The so-called juniper ‘berries’ of all species, are actually fleshly miniature cones whose scales have grown in size, then merged together and united. Each berry requires from one to three years to mature, starting as a small green fruit then maturing gradually to a dark, blue-black colour. In Colorado, these ripe berries are eaten by birds, foxes, coyotes, raccoons and chipmunks … the Native Americans traditionally also ate the berries and used them as a tea and spice, as well as using the berries as a medicine.

In the Himalayan region, dried juniper needles are used to make ‘sang’, which is burnt as a purifying ritual smoke offering. Likewise, juniper is one of the plants used in Scottish Gaelic rites, such as those performed at Hogmanay (New Year), where the smoke of burning juniper is used to cleanse, bless and protect the household and its inhabitants. In the Americas, the berries have been traditionally used for respiratory diseases such as coughs and bronchitis as well as for muscular pain or joint conditions, including arthritis, since it helps expel uric acid from the joints. Western herbal medicine recommends the ripened berries of the Common Juniper (J. communis) for treating conditions of the urinary tract and for respiratory conditions, including asthma. NOTE: Care must be taken however, as the plant also has a long history of use in folklore as an arbortifacient since it stimulates the uterine muscles, so both the plant and oil should be avoided during pregnancy. It should also be avoided by those with kidney disease.

The essential oil of juniper is usually obtained through steam distillation of the needles, wood or powdered berries, mainly from the Common Juniper species, Juniperus communis. In Eastern Europe however, the species J. Smerka is used to produce an essential oil using the berries and wood, although this is considered to be less fragrant. However, the highest quality and most aromatic essential oil produced from the juniper tree is that of the berries. These are their true treasures … since this oil has a delightfully fresh, woody-warm, slightly green-balsamic fragrance, which for me completely epitomizes the scent of the northern wilderness.

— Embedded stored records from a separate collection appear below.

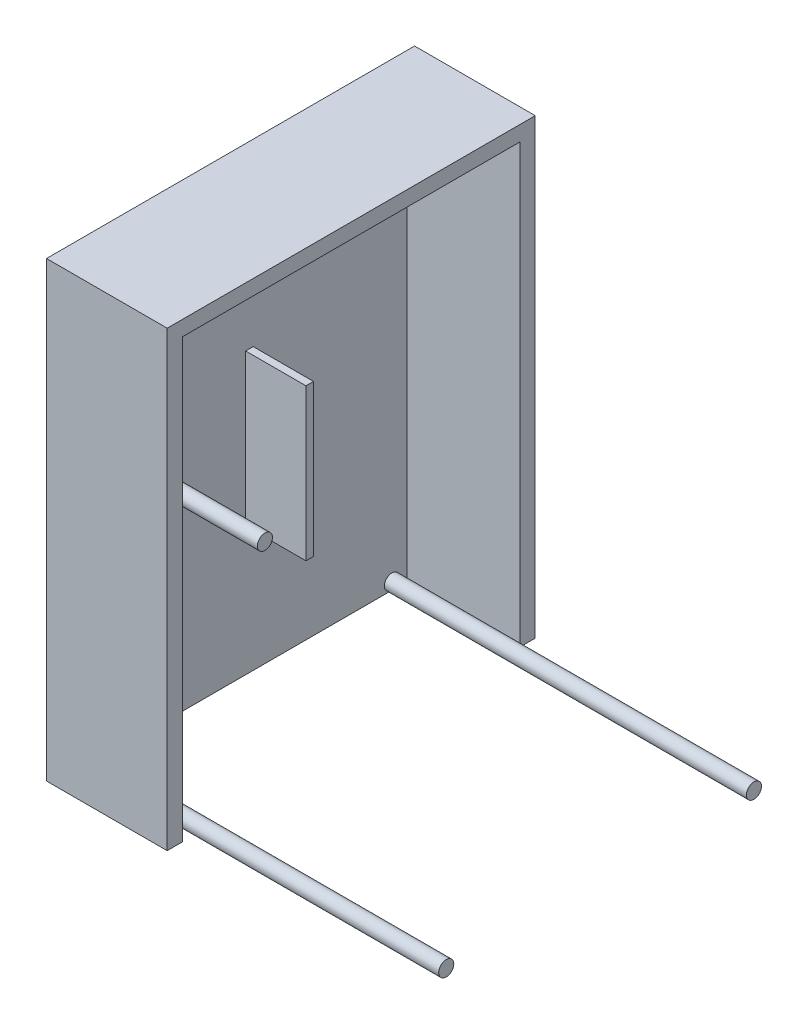
SolidWorks part; units mm, degrees
ref_plane "Front Plane" through (0, 0, 0) normal (0, 0, 1) x (1, 0, 0)
ref_plane "Top Plane" through (0, 0, 0) normal (0, 1, 0) x (1, 0, 0)
ref_plane "Right Plane" through (0, 0, 0) normal (1, 0, 0) x (0, 0, -1)
sketch "Sketch1" plane through (0, 0, 0) normal (1, 0, 0) x (0, 0, -1)
  line L1 (-71.6415, 87.4398) -> (70.5985, 87.4398)
  line L2 (-71.6415, 87.4398) -> (-71.6415, -96.7102)
  line L3 (-71.6415, -96.7102) -> (70.5985, -96.7102)
  line L4 (70.5985, 87.4398) -> (70.5985, -96.7102)
  line L5 (-77.9915, -96.7102) -> (76.9485, -96.7102)
  line L6 (-77.9915, -96.7102) -> (-77.9915, 93.7898)
  line L7 (-77.9915, 93.7898) -> (76.9485, 93.7898)
  line L8 (76.9485, -96.7102) -> (76.9485, 93.7898)
  dimension "D1" = 142.24
  dimension "D2" = 184.15
  dimension "D3" = 6.35
  dimension "D4" = 6.35
  dimension "D5" = 6.35
extrude "Boss-Extrude1" add sketch "Sketch1" along normal blind 3.175 contours L4 L1 L2 L3
sketch "Sketch2" plane through (0, 0, 0) normal (-1, 0, 0) x (0, 0, 1)
  line L0 (71.6415, -96.7102) -> (77.9915, -96.7102)
  line L1 (-76.9485, 93.7898) -> (77.9915, 93.7898)
  line L2 (-76.9485, 93.7898) -> (-76.9485, -96.7102)
  line L3 (-76.9485, -96.7102) -> (-70.5985, -96.7102)
  line L4 (77.9915, 93.7898) -> (77.9915, -96.7102)
  line L5 (-70.5985, 87.4398) -> (71.6415, 87.4398)
  line L6 (-70.5985, 87.4398) -> (-70.5985, -96.7102)
  line L8 (71.6415, 87.4398) -> (71.6415, -96.7102)
extrude "Boss-Extrude2" add sketch "Sketch2" against normal blind 50.8
sketch "Sketch3" plane through (3.175, 0, 0) normal (1, 0, 0) x (0, 0, -1)
  line L0 (-71.6415, -96.7102) -> (70.5985, -96.7102) construction
  line L1 (-71.6415, 87.4398) -> (-71.6415, -96.7102) construction
  line L2 (70.5985, 87.4398) -> (70.5985, -96.7102) construction
  circle A0 centre (-65.2915, -93.5352) radius 3.175
  circle A1 centre (64.2485, -93.5352) radius 3.175
  dimension "D1" = 6.35
  dimension "D4" = 6.35
  dimension "D2" = 3.175
  dimension "D3" = 6.35
  dimension "D5" = 3.175
  dimension "D6" = 6.35
extrude "Boss-Extrude3" add sketch "Sketch3" along normal blind 152.4
sketch "Sketch4" plane through (3.175, 0, 0) normal (1, 0, 0) x (0, 0, -1)
  line L0 (-71.6415, 87.4398) -> (70.5985, 87.4398) construction
  circle A0 centre (-36.8453, -4.6352) radius 3.175
  point P4 (-0.5215, 87.4398)
  dimension "D1" = 6.35
  dimension "D2" = 92.075
  dimension "D3" = 36.3238
extrude "Boss-Extrude5" add sketch "Sketch4" along normal blind 47.625
sketch "Sketch5" plane through (3.175, 0, 0) normal (1, 0, 0) x (0, 0, -1)
  line L1 (2.6535, 21.3484) -> (5.8285, 21.3484)
  line L2 (2.6535, 21.3484) -> (2.6535, -42.4597)
  line L3 (2.6535, -42.4597) -> (5.8285, -42.4597)
  line L4 (5.8285, 21.3484) -> (5.8285, -42.4597)
  line L5 (70.5985, 87.4398) -> (70.5985, -96.7102) construction
  dimension "D1" = 3.175
  dimension "D2" = 64.77
extrude "Boss-Extrude6" add sketch "Sketch5" along normal blind 25.4

According to modern scientific research, juniperberry oil exhibits excellent anti-microbial properties: specifically it has good anti-fungal, anti-septic and anti-oxidant properties. This makes it particularly valuable for application in skin care treatments within an aromatherapy context. It is especially useful employed in blends for acne, oily or combination skin, having a mild astringent action, as well as for fungal conditions and dermatitis. It also valuable used in massage oil blends to improve blood circulation, and for treating conditions such as arthritis, rheumatism and gout. As an anti-spasmodic it is excellent employed in sports body oils in dealing with muscular pains, cramps or sprains. It also helps tightens slack muscles and aids in restoring a feeling of firmness and youthfulness, especially in combination with black pepper. Juniper berry oil also blends well with rosemary, frankincense, elemi, galbanum, all the woody oils – such as cedarwood, pine and cypress - as well as citrus oils.

Used in diffusers, it makes a really lovely cleansing and purifying air freshener, which helps to eliminate germs or viruses from the immediate environment, by directly disinfecting the air. To make a purifying room fragrance, which simultaneously uplifts and revives the spirits, simply combine the following oils as shown below, then add a few drops to an oil burner or diffuser:

Mountain Air Diffuser Recipe

4 parts juniperberry oil

2 parts cypress oil

2 parts rosemary oil

2 parts lemon oil

Other species: in Europe, Juniperus oxycedrus is used to produce cade essential oil, which is made from the crude tar produced by distillation from the heartwood of the tree, which has a pronounced smoky, leather-like aroma. In aromatherapy, the uses of cade oil are however limited due to possible skin sensitization issues. Another species, J. virginiana is also used to produce the so-called ‘Virginian Cedarwood’ oil while J. ashei is used to produce ‘Texas Cedarwood’ oil … both of which share similar therapeutic properties to both Common Juniper and Atlas Cedarwood (Cedrus atlantica).